▶ **TASK BRIEF**: From the data that follows, print exactly the lines starting at the one containing "PA10_CPU: CPU.P$7 (PA10), R22.2" and ending at the one containing "RED_MSP: GPU.P$27 (PB1), R9.1"; include both of them and nothing more.

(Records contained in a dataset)
***

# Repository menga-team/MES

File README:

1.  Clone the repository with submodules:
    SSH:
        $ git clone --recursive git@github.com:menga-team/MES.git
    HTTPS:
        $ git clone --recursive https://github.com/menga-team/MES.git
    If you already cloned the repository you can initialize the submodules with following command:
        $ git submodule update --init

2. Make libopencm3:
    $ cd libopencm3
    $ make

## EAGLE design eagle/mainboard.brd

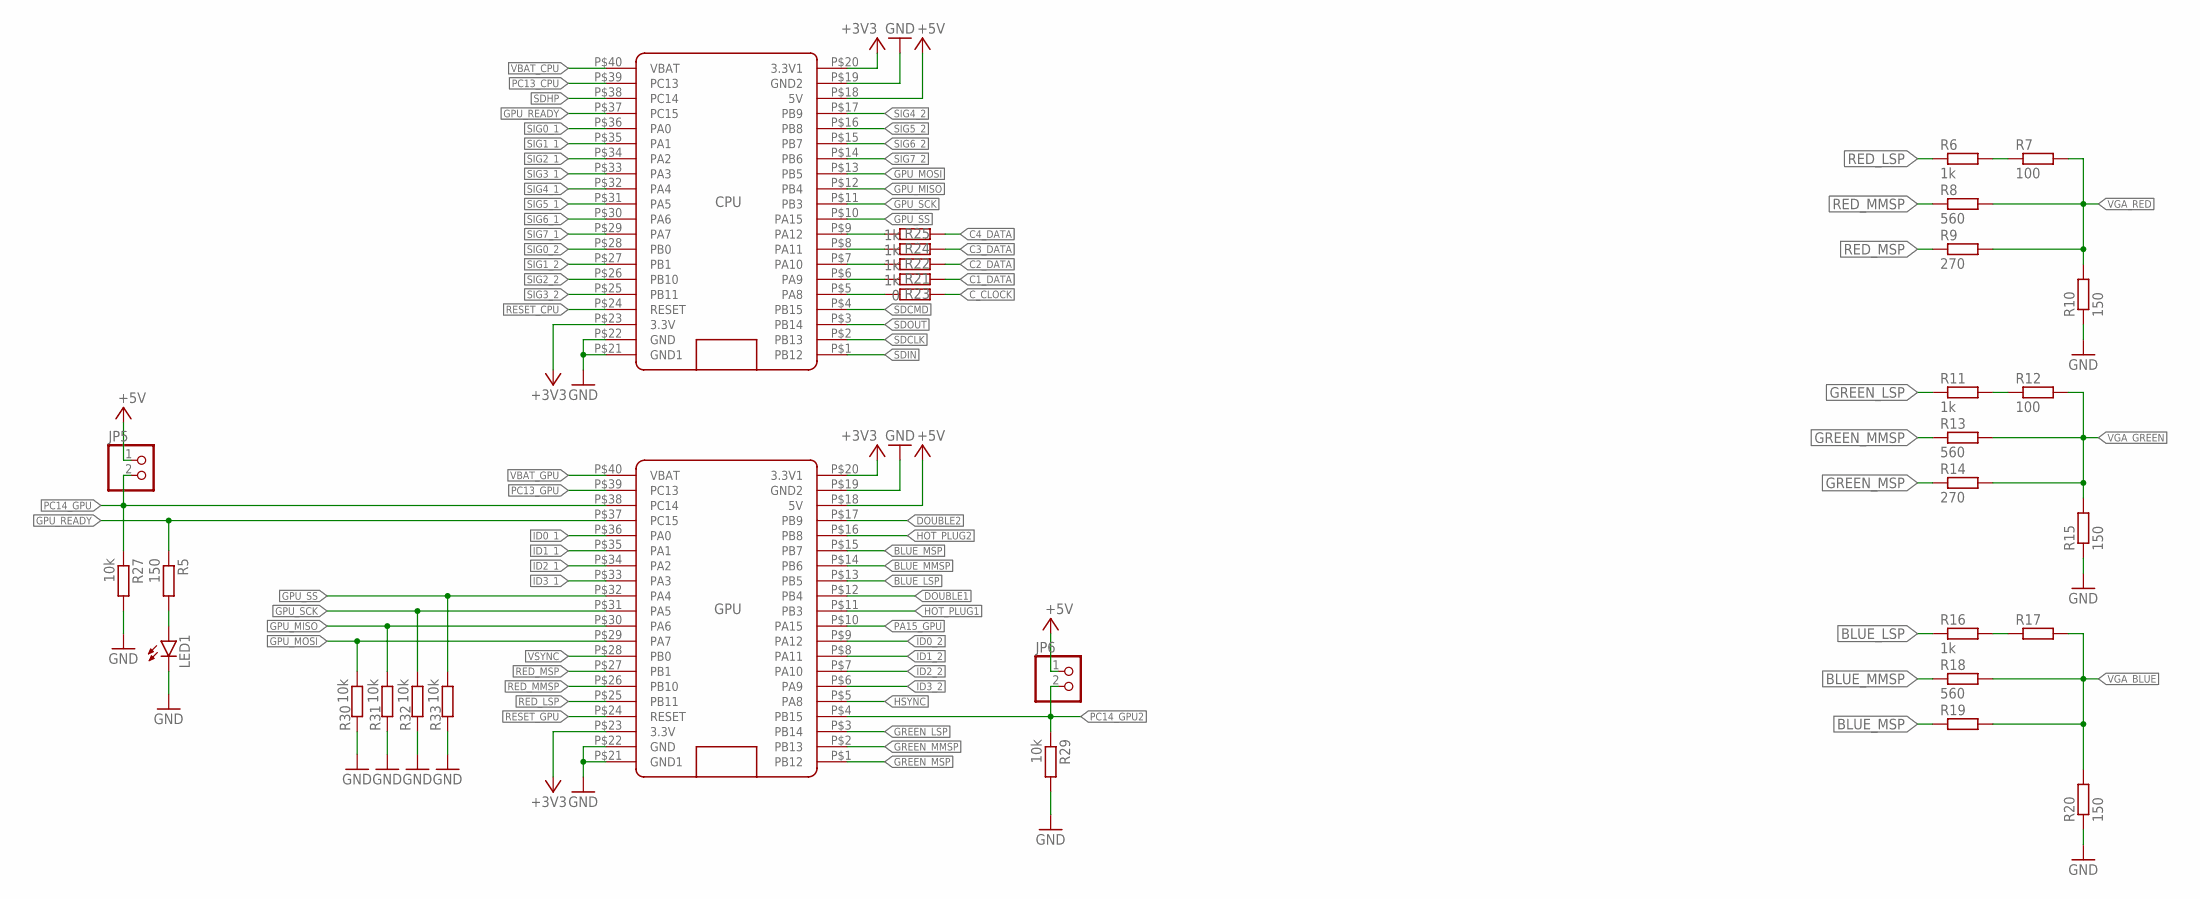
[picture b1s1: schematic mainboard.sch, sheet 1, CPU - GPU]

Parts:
CPU: BLUE_PILLADVANCED; BLUE_PILL_ADV
GPU: BLUE_PILLADVANCED; BLUE_PILL_ADV
JP5, JP6: PINHD-1X2; 1X02
LED1: LEDCHIPLED_0805; CHIPLED_0805
R5, R10, R15, R20: 150; R0805
R6, R11, R16, R21, R22, R24, R25: 1k; R0805
R7, R12, R17: 100; R0805
R8, R13, R18: 560; R0805
R9, R14, R19: 270; R0805
R23: 0; R0805
R27, R29, R30, R31, R32, R33: 10k; R0805

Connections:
+3V3: CPU.P$20 (3.3V1), CPU.P$23 (3.3V), GPU.P$20 (3.3V1), GPU.P$23 (3.3V); also elsewhere on the board
+5V: CPU.P$18 (5V), GPU.P$18 (5V), JP5.1, JP6.1; also elsewhere on the board
BLUE_LSP: GPU.P$13 (PB5), R16.1
BLUE_MMSP: GPU.P$14 (PB6), R18.1
BLUE_MSP: GPU.P$15 (PB7), R19.1
C1_DATA: R21.1; also elsewhere on the board
C2_DATA: R22.1; also elsewhere on the board
C3_DATA: R24.1; also elsewhere on the board
C4_DATA: R25.1; also elsewhere on the board
C_CLOCK: R23.1; also elsewhere on the board
DOUBLE1: GPU.P$12 (PB4); also elsewhere on the board
DOUBLE2: GPU.P$17 (PB9); also elsewhere on the board
GND: CPU.P$19 (GND2), CPU.P$21 (GND1), CPU.P$22 (GND), GPU.P$19 (GND2), GPU.P$21 (GND1), GPU.P$22 (GND), LED1.C, R10.1, R15.1, R20.1, R27.2, R29.2, R30.2, R31.2, R32.2, R33.2; also elsewhere on the board
GPU_MISO: CPU.P$12 (PB4), GPU.P$30 (PA6), R31.1
GPU_MOSI: CPU.P$13 (PB5), GPU.P$29 (PA7), R30.1
GPU_READY: CPU.P$37 (PC15), GPU.P$37 (PC15), R5.1
GPU_SCK: CPU.P$11 (PB3), GPU.P$31 (PA5), R32.1
GPU_SS: CPU.P$10 (PA15), GPU.P$32 (PA4), R33.1
GREEN_LSP: GPU.P$3 (PB14), R11.1
GREEN_MMSP: GPU.P$2 (PB13), R13.1
GREEN_MSP: GPU.P$1 (PB12), R14.1
HOT_PLUG1: GPU.P$11 (PB3); also elsewhere on the board
HOT_PLUG2: GPU.P$16 (PB8); also elsewhere on the board
HSYNC: GPU.P$5 (PA8); also elsewhere on the board
ID0_1: GPU.P$36 (PA0); also elsewhere on the board
ID0_2: GPU.P$9 (PA12); also elsewhere on the board
ID1_1: GPU.P$35 (PA1); also elsewhere on the board
ID1_2: GPU.P$8 (PA11); also elsewhere on the board
ID2_1: GPU.P$34 (PA2); also elsewhere on the board
ID2_2: GPU.P$7 (PA10); also elsewhere on the board
ID3_1: GPU.P$33 (PA3); also elsewhere on the board
ID3_2: GPU.P$6 (PA9); also elsewhere on the board
unnamed: LED1.A, R5.2
unnamed: R6.2, R7.1
unnamed: R11.2, R12.1
unnamed: R16.2, R17.1
PA8_CPU: CPU.P$5 (PA8), R23.2
PA9_CPU: CPU.P$6 (PA9), R21.2
PA9_CPU1: CPU.P$8 (PA11), R24.2
PA10_CPU: CPU.P$7 (PA10), R22.2
PA10_CPU1: CPU.P$9 (PA12), R25.2
PA15_GPU: GPU.P$10 (PA15)
PC13_CPU: CPU.P$39 (PC13)
PC13_GPU: GPU.P$39 (PC13)
PC14_GPU: GPU.P$38 (PC14), JP5.2, R27.1
PC14_GPU2: GPU.P$4 (PB15), JP6.2, R29.1
RED_LSP: GPU.P$25 (PB11), R6.1
RED_MMSP: GPU.P$26 (PB10), R8.1
RED_MSP: GPU.P$27 (PB1), R9.1
RESET_CPU: CPU.P$24 (RESET)
RESET_GPU: GPU.P$24 (RESET)
SDCLK: CPU.P$2 (PB13); also elsewhere on the board
SDCMD: CPU.P$4 (PB15); also elsewhere on the board
SDHP: CPU.P$38 (PC14); also elsewhere on the board
SDIN: CPU.P$1 (PB12); also elsewhere on the board
SDOUT: CPU.P$3 (PB14); also elsewhere on the board
SIG0_1: CPU.P$36 (PA0); also elsewhere on the board
SIG0_2: CPU.P$28 (PB0); also elsewhere on the board
SIG1_1: CPU.P$35 (PA1); also elsewhere on the board
SIG1_2: CPU.P$27 (PB1); also elsewhere on the board
SIG2_1: CPU.P$34 (PA2); also elsewhere on the board
SIG2_2: CPU.P$26 (PB10); also elsewhere on the board
SIG3_1: CPU.P$33 (PA3); also elsewhere on the board
SIG3_2: CPU.P$25 (PB11); also elsewhere on the board
SIG4_1: CPU.P$32 (PA4); also elsewhere on the board
SIG4_2: CPU.P$17 (PB9); also elsewhere on the board
SIG5_1: CPU.P$31 (PA5); also elsewhere on the board
SIG5_2: CPU.P$16 (PB8); also elsewhere on the board
SIG6_1: CPU.P$30 (PA6); also elsewhere on the board
SIG6_2: CPU.P$15 (PB7); also elsewhere on the board
SIG7_1: CPU.P$29 (PA7); also elsewhere on the board
SIG7_2: CPU.P$14 (PB6); also elsewhere on the board
VBAT_CPU: CPU.P$40 (VBAT)
VBAT_GPU: GPU.P$40 (VBAT)
VGA_BLUE: R17.2, R18.2, R19.2, R20.2; also elsewhere on the board
VGA_GREEN: R12.2, R13.2, R14.2, R15.2; also elsewhere on the board
VGA_RED: R7.2, R8.2, R9.2, R10.2; also elsewhere on the board
VSYNC: GPU.P$28 (PB0); also elsewhere on the board

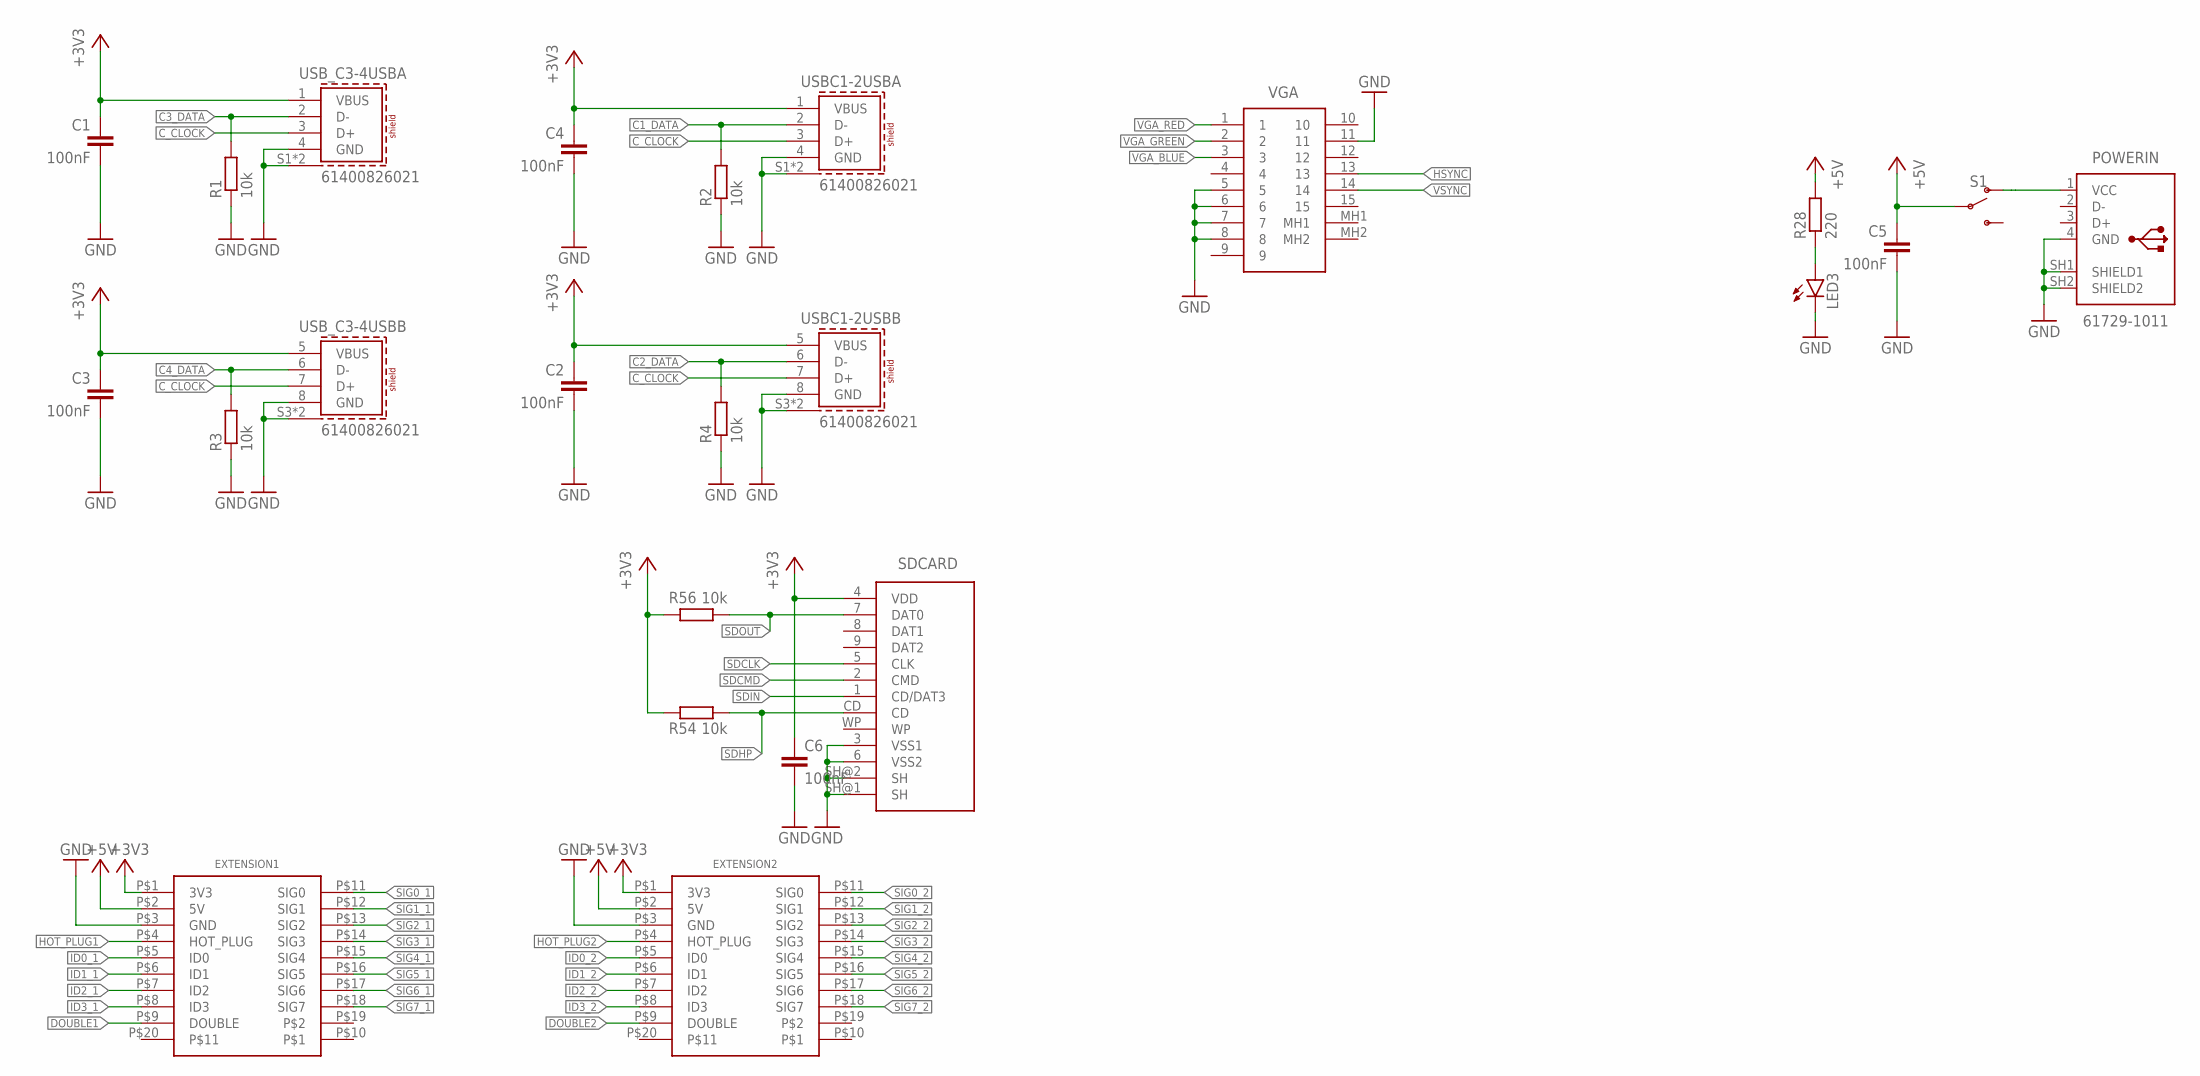
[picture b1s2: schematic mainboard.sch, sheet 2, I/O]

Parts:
C1, C2, C3, C4, C5, C6: 100nF; C0805
EXTENSION1, EXTENSION2: 3511220BMSS0BNA1_2.54MM_2X20_MALE
LED3: LEDCHIPLED_0805; CHIPLED_0805
POWERIN: 61729-1011; 61729-1011BLF
R1, R2, R3, R4, R54, R56: 10k; R0805
R28: 220; R0805
S1: SWITCH-SPDT-PTH-11.6X4.0MM; SWITCH_SPDT_PTH_11.6X4.0MM
SD-CARD: SD_CARD_SOCKET; SD
USBC1-2: 61400826021
USB_C3-4: 61400826021
VGA: L77HDE15SD1CH4RHNVGA

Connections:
+3V3: C1.1, C2.1, C3.1, C4.1, C6.1, EXTENSION1.P$1 (3V3), EXTENSION2.P$1 (3V3), R54.2, R56.2, SD-CARD.4 (VDD), USBC1-2.1 (VBUS), USBC1-2.5 (VBUS), USB_C3-4.1 (VBUS), USB_C3-4.5 (VBUS); also elsewhere on the board
+5V: C5.1, EXTENSION1.P$2 (5V), EXTENSION2.P$2 (5V), R28.2, S1.2; also elsewhere on the board
C1_DATA: R2.2, USBC1-2.2 (D-); also elsewhere on the board
C2_DATA: R4.2, USBC1-2.6 (D-); also elsewhere on the board
C3_DATA: R1.2, USB_C3-4.2 (D-); also elsewhere on the board
C4_DATA: R3.2, USB_C3-4.6 (D-); also elsewhere on the board
C_CLOCK: USBC1-2.3 (D+), USBC1-2.7 (D+), USB_C3-4.3 (D+), USB_C3-4.7 (D+); also elsewhere on the board
DOUBLE1: EXTENSION1.P$9 (DOUBLE); also elsewhere on the board
DOUBLE2: EXTENSION2.P$9 (DOUBLE); also elsewhere on the board
GND: C1.2, C2.2, C3.2, C4.2, C5.2, C6.2, EXTENSION1.P$3 (GND), EXTENSION2.P$3 (GND), LED3.C, POWERIN.4 (GND), POWERIN.SH1 (SHIELD1), POWERIN.SH2 (SHIELD2), R1.1, R2.1, R3.1, R4.1, SD-CARD.3 (VSS1), SD-CARD.6 (VSS2), SD-CARD.SH@1 (SH), SD-CARD.SH@2 (SH), USBC1-2.4 (GND), USBC1-2.8 (GND), USBC1-2.S1 (SHIELD), USBC1-2.S2 (SHIELD), USBC1-2.S3 (SHIELD), USBC1-2.S4 (SHIELD), USB_C3-4.4 (GND), USB_C3-4.8 (GND), USB_C3-4.S1 (SHIELD), USB_C3-4.S2 (SHIELD), USB_C3-4.S3 (SHIELD), USB_C3-4.S4 (SHIELD), VGA.5, VGA.6, VGA.7, VGA.8, VGA.11; also elsewhere on the board
HOT_PLUG1: EXTENSION1.P$4 (HOT_PLUG); also elsewhere on the board
HOT_PLUG2: EXTENSION2.P$4 (HOT_PLUG); also elsewhere on the board
HSYNC: VGA.13; also elsewhere on the board
ID0_1: EXTENSION1.P$5 (ID0); also elsewhere on the board
ID0_2: EXTENSION2.P$5 (ID0); also elsewhere on the board
ID1_1: EXTENSION1.P$6 (ID1); also elsewhere on the board
ID1_2: EXTENSION2.P$6 (ID1); also elsewhere on the board
ID2_1: EXTENSION1.P$7 (ID2); also elsewhere on the board
ID2_2: EXTENSION2.P$7 (ID2); also elsewhere on the board
ID3_1: EXTENSION1.P$8 (ID3); also elsewhere on the board
ID3_2: EXTENSION2.P$8 (ID3); also elsewhere on the board
unnamed: POWERIN.1 (VCC), S1.1 (O)
unnamed: LED3.A, R28.1
SDCLK: SD-CARD.5 (CLK); also elsewhere on the board
SDCMD: SD-CARD.2 (CMD); also elsewhere on the board
SDHP: R54.1, SD-CARD.CD; also elsewhere on the board
SDIN: SD-CARD.1 (CD/DAT3); also elsewhere on the board
SDOUT: R56.1, SD-CARD.7 (DAT0); also elsewhere on the board
SIG0_1: EXTENSION1.P$11 (SIG0); also elsewhere on the board
SIG0_2: EXTENSION2.P$11 (SIG0); also elsewhere on the board
SIG1_1: EXTENSION1.P$12 (SIG1); also elsewhere on the board
SIG1_2: EXTENSION2.P$12 (SIG1); also elsewhere on the board
SIG2_1: EXTENSION1.P$13 (SIG2); also elsewhere on the board
SIG2_2: EXTENSION2.P$13 (SIG2); also elsewhere on the board
SIG3_1: EXTENSION1.P$14 (SIG3); also elsewhere on the board
SIG3_2: EXTENSION2.P$14 (SIG3); also elsewhere on the board
SIG4_1: EXTENSION1.P$15 (SIG4); also elsewhere on the board
SIG4_2: EXTENSION2.P$15 (SIG4); also elsewhere on the board
SIG5_1: EXTENSION1.P$16 (SIG5); also elsewhere on the board
SIG5_2: EXTENSION2.P$16 (SIG5); also elsewhere on the board
SIG6_1: EXTENSION1.P$17 (SIG6); also elsewhere on the board
SIG6_2: EXTENSION2.P$17 (SIG6); also elsewhere on the board
SIG7_1: EXTENSION1.P$18 (SIG7); also elsewhere on the board
SIG7_2: EXTENSION2.P$18 (SIG7); also elsewhere on the board
VGA_BLUE: VGA.3; also elsewhere on the board
VGA_GREEN: VGA.2; also elsewhere on the board
VGA_RED: VGA.1; also elsewhere on the board
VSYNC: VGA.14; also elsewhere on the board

***

▶ **OUTPUT BELOW**:
PA10_CPU: CPU.P$7 (PA10), R22.2
PA10_CPU1: CPU.P$9 (PA12), R25.2
PA15_GPU: GPU.P$10 (PA15)
PC13_CPU: CPU.P$39 (PC13)
PC13_GPU: GPU.P$39 (PC13)
PC14_GPU: GPU.P$38 (PC14), JP5.2, R27.1
PC14_GPU2: GPU.P$4 (PB15), JP6.2, R29.1
RED_LSP: GPU.P$25 (PB11), R6.1
RED_MMSP: GPU.P$26 (PB10), R8.1
RED_MSP: GPU.P$27 (PB1), R9.1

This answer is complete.